The task →
Restate all the data word for word and omit the pictures.

** Information shown follows **

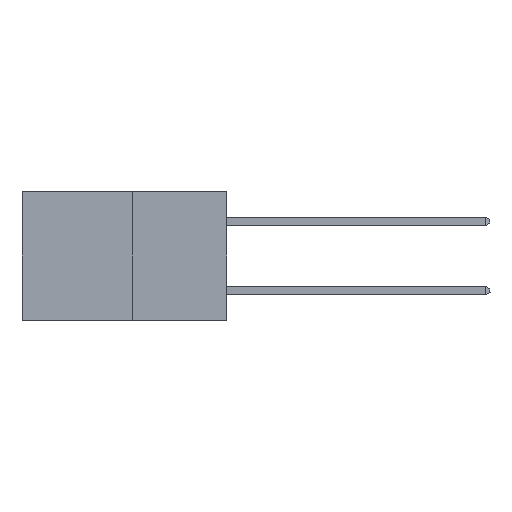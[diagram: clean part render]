
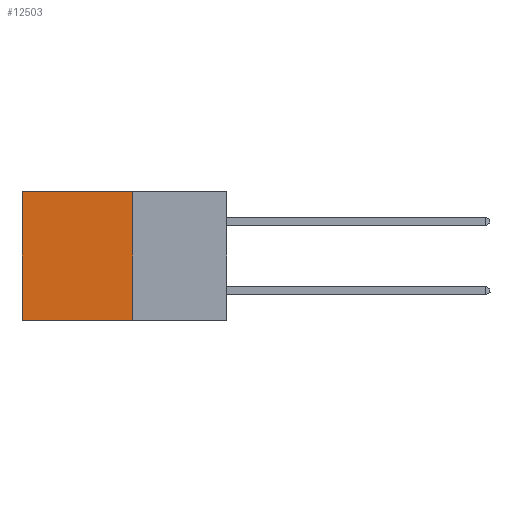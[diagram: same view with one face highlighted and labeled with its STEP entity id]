
A CAD part, left-side view. The second image highlights one B-rep face of the part: STEP entity #12503.
In plain terms, the highlighted planar face has unit normal (-1, 0, 0).
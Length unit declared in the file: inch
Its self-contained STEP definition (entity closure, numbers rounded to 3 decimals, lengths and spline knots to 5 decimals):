
#5 = CARTESIAN_POINT ( 'NONE',  ( 0.277, 0.59, 0. ) ) ;
#1171 = LINE ( 'NONE', #10754, #9908 ) ;
#1850 = CARTESIAN_POINT ( 'NONE',  ( 0.277, 0.27, -0.37 ) ) ;
#1920 = ORIENTED_EDGE ( 'NONE', *, *, #4273, .T. ) ;
#2205 = EDGE_CURVE ( 'NONE', #13993, #4585, #1171, .T. ) ;
#2578 = DIRECTION ( 'NONE',  ( 0., 0., -1. ) ) ;
#2943 = VECTOR ( 'NONE', #2578, 39.37008 ) ;
#3198 = CARTESIAN_POINT ( 'NONE',  ( 0.277, 0.59, -0.37 ) ) ;
#3200 = LINE ( 'NONE', #3896, #5882 ) ;
#3736 = ORIENTED_EDGE ( 'NONE', *, *, #2205, .T. ) ;
#3753 = PLANE ( 'NONE',  #12148 ) ;
#3799 = CARTESIAN_POINT ( 'NONE',  ( 0.277, 0.27, -0.37 ) ) ;
#3896 = CARTESIAN_POINT ( 'NONE',  ( 0.277, 0.59, -0.37 ) ) ;
#4273 = EDGE_CURVE ( 'NONE', #4585, #8204, #3200, .T. ) ;
#4320 = EDGE_CURVE ( 'NONE', #4549, #8204, #8582, .T. ) ;
#4549 = VERTEX_POINT ( 'NONE', #9198 ) ;
#4585 = VERTEX_POINT ( 'NONE', #5 ) ;
#4939 = DIRECTION ( 'NONE',  ( 1., 0., 0. ) ) ;
#4959 = ORIENTED_EDGE ( 'NONE', *, *, #4320, .F. ) ;
#5882 = VECTOR ( 'NONE', #11937, 39.37008 ) ;
#6058 = ORIENTED_EDGE ( 'NONE', *, *, #6719, .F. ) ;
#6719 = EDGE_CURVE ( 'NONE', #13993, #4549, #9363, .T. ) ;
#8204 = VERTEX_POINT ( 'NONE', #3198 ) ;
#8380 = DIRECTION ( 'NONE',  ( 0., 1., 0. ) ) ;
#8582 = LINE ( 'NONE', #1850, #11113 ) ;
#9198 = CARTESIAN_POINT ( 'NONE',  ( 0.277, 0.27, -0.37 ) ) ;
#9363 = LINE ( 'NONE', #9395, #2943 ) ;
#9395 = CARTESIAN_POINT ( 'NONE',  ( 0.277, 0.27, -0.37 ) ) ;
#9699 = EDGE_LOOP ( 'NONE', ( #1920, #4959, #6058, #3736 ) ) ;
#9908 = VECTOR ( 'NONE', #10114, 39.37008 ) ;
#10114 = DIRECTION ( 'NONE',  ( 0., 1., 0. ) ) ;
#10754 = CARTESIAN_POINT ( 'NONE',  ( 0.277, 0.27, 0. ) ) ;
#11113 = VECTOR ( 'NONE', #8380, 39.37008 ) ;
#11937 = DIRECTION ( 'NONE',  ( 0., 0., -1. ) ) ;
#12079 = CARTESIAN_POINT ( 'NONE',  ( 0.277, 0.27, 0. ) ) ;
#12148 = AXIS2_PLACEMENT_3D ( 'NONE', #3799, #4939, #12769 ) ;
#12503 = ADVANCED_FACE ( 'NONE', ( #13244 ), #3753, .F. ) ;
#12769 = DIRECTION ( 'NONE',  ( 0., 0., -1. ) ) ;
#13244 = FACE_OUTER_BOUND ( 'NONE', #9699, .T. ) ;
#13993 = VERTEX_POINT ( 'NONE', #12079 ) ;

** End of Information shown **

Written reply →
[diagram: clean part render]
[diagram: same view with one face highlighted and labeled with its STEP entity id]
A CAD part, left-side view. The second image highlights one B-rep face of the part: STEP entity #12503.
In plain terms, the highlighted planar face has unit normal (-1, 0, 0).
Length unit declared in the file: inch
Its self-contained STEP definition (entity closure, numbers rounded to 3 decimals, lengths and spline knots to 5 decimals):
#5 = CARTESIAN_POINT ( 'NONE',  ( 0.277, 0.59, 0. ) ) ;
#1171 = LINE ( 'NONE', #10754, #9908 ) ;
#1850 = CARTESIAN_POINT ( 'NONE',  ( 0.277, 0.27, -0.37 ) ) ;
#1920 = ORIENTED_EDGE ( 'NONE', *, *, #4273, .T. ) ;
#2205 = EDGE_CURVE ( 'NONE', #13993, #4585, #1171, .T. ) ;
#2578 = DIRECTION ( 'NONE',  ( 0., 0., -1. ) ) ;
#2943 = VECTOR ( 'NONE', #2578, 39.37008 ) ;
#3198 = CARTESIAN_POINT ( 'NONE',  ( 0.277, 0.59, -0.37 ) ) ;
#3200 = LINE ( 'NONE', #3896, #5882 ) ;
#3736 = ORIENTED_EDGE ( 'NONE', *, *, #2205, .T. ) ;
#3753 = PLANE ( 'NONE',  #12148 ) ;
#3799 = CARTESIAN_POINT ( 'NONE',  ( 0.277, 0.27, -0.37 ) ) ;
#3896 = CARTESIAN_POINT ( 'NONE',  ( 0.277, 0.59, -0.37 ) ) ;
#4273 = EDGE_CURVE ( 'NONE', #4585, #8204, #3200, .T. ) ;
#4320 = EDGE_CURVE ( 'NONE', #4549, #8204, #8582, .T. ) ;
#4549 = VERTEX_POINT ( 'NONE', #9198 ) ;
#4585 = VERTEX_POINT ( 'NONE', #5 ) ;
#4939 = DIRECTION ( 'NONE',  ( 1., 0., 0. ) ) ;
#4959 = ORIENTED_EDGE ( 'NONE', *, *, #4320, .F. ) ;
#5882 = VECTOR ( 'NONE', #11937, 39.37008 ) ;
#6058 = ORIENTED_EDGE ( 'NONE', *, *, #6719, .F. ) ;
#6719 = EDGE_CURVE ( 'NONE', #13993, #4549, #9363, .T. ) ;
#8204 = VERTEX_POINT ( 'NONE', #3198 ) ;
#8380 = DIRECTION ( 'NONE',  ( 0., 1., 0. ) ) ;
#8582 = LINE ( 'NONE', #1850, #11113 ) ;
#9198 = CARTESIAN_POINT ( 'NONE',  ( 0.277, 0.27, -0.37 ) ) ;
#9363 = LINE ( 'NONE', #9395, #2943 ) ;
#9395 = CARTESIAN_POINT ( 'NONE',  ( 0.277, 0.27, -0.37 ) ) ;
#9699 = EDGE_LOOP ( 'NONE', ( #1920, #4959, #6058, #3736 ) ) ;
#9908 = VECTOR ( 'NONE', #10114, 39.37008 ) ;
#10114 = DIRECTION ( 'NONE',  ( 0., 1., 0. ) ) ;
#10754 = CARTESIAN_POINT ( 'NONE',  ( 0.277, 0.27, 0. ) ) ;
#11113 = VECTOR ( 'NONE', #8380, 39.37008 ) ;
#11937 = DIRECTION ( 'NONE',  ( 0., 0., -1. ) ) ;
#12079 = CARTESIAN_POINT ( 'NONE',  ( 0.277, 0.27, 0. ) ) ;
#12148 = AXIS2_PLACEMENT_3D ( 'NONE', #3799, #4939, #12769 ) ;
#12503 = ADVANCED_FACE ( 'NONE', ( #13244 ), #3753, .F. ) ;
#12769 = DIRECTION ( 'NONE',  ( 0., 0., -1. ) ) ;
#13244 = FACE_OUTER_BOUND ( 'NONE', #9699, .T. ) ;
#13993 = VERTEX_POINT ( 'NONE', #12079 ) ;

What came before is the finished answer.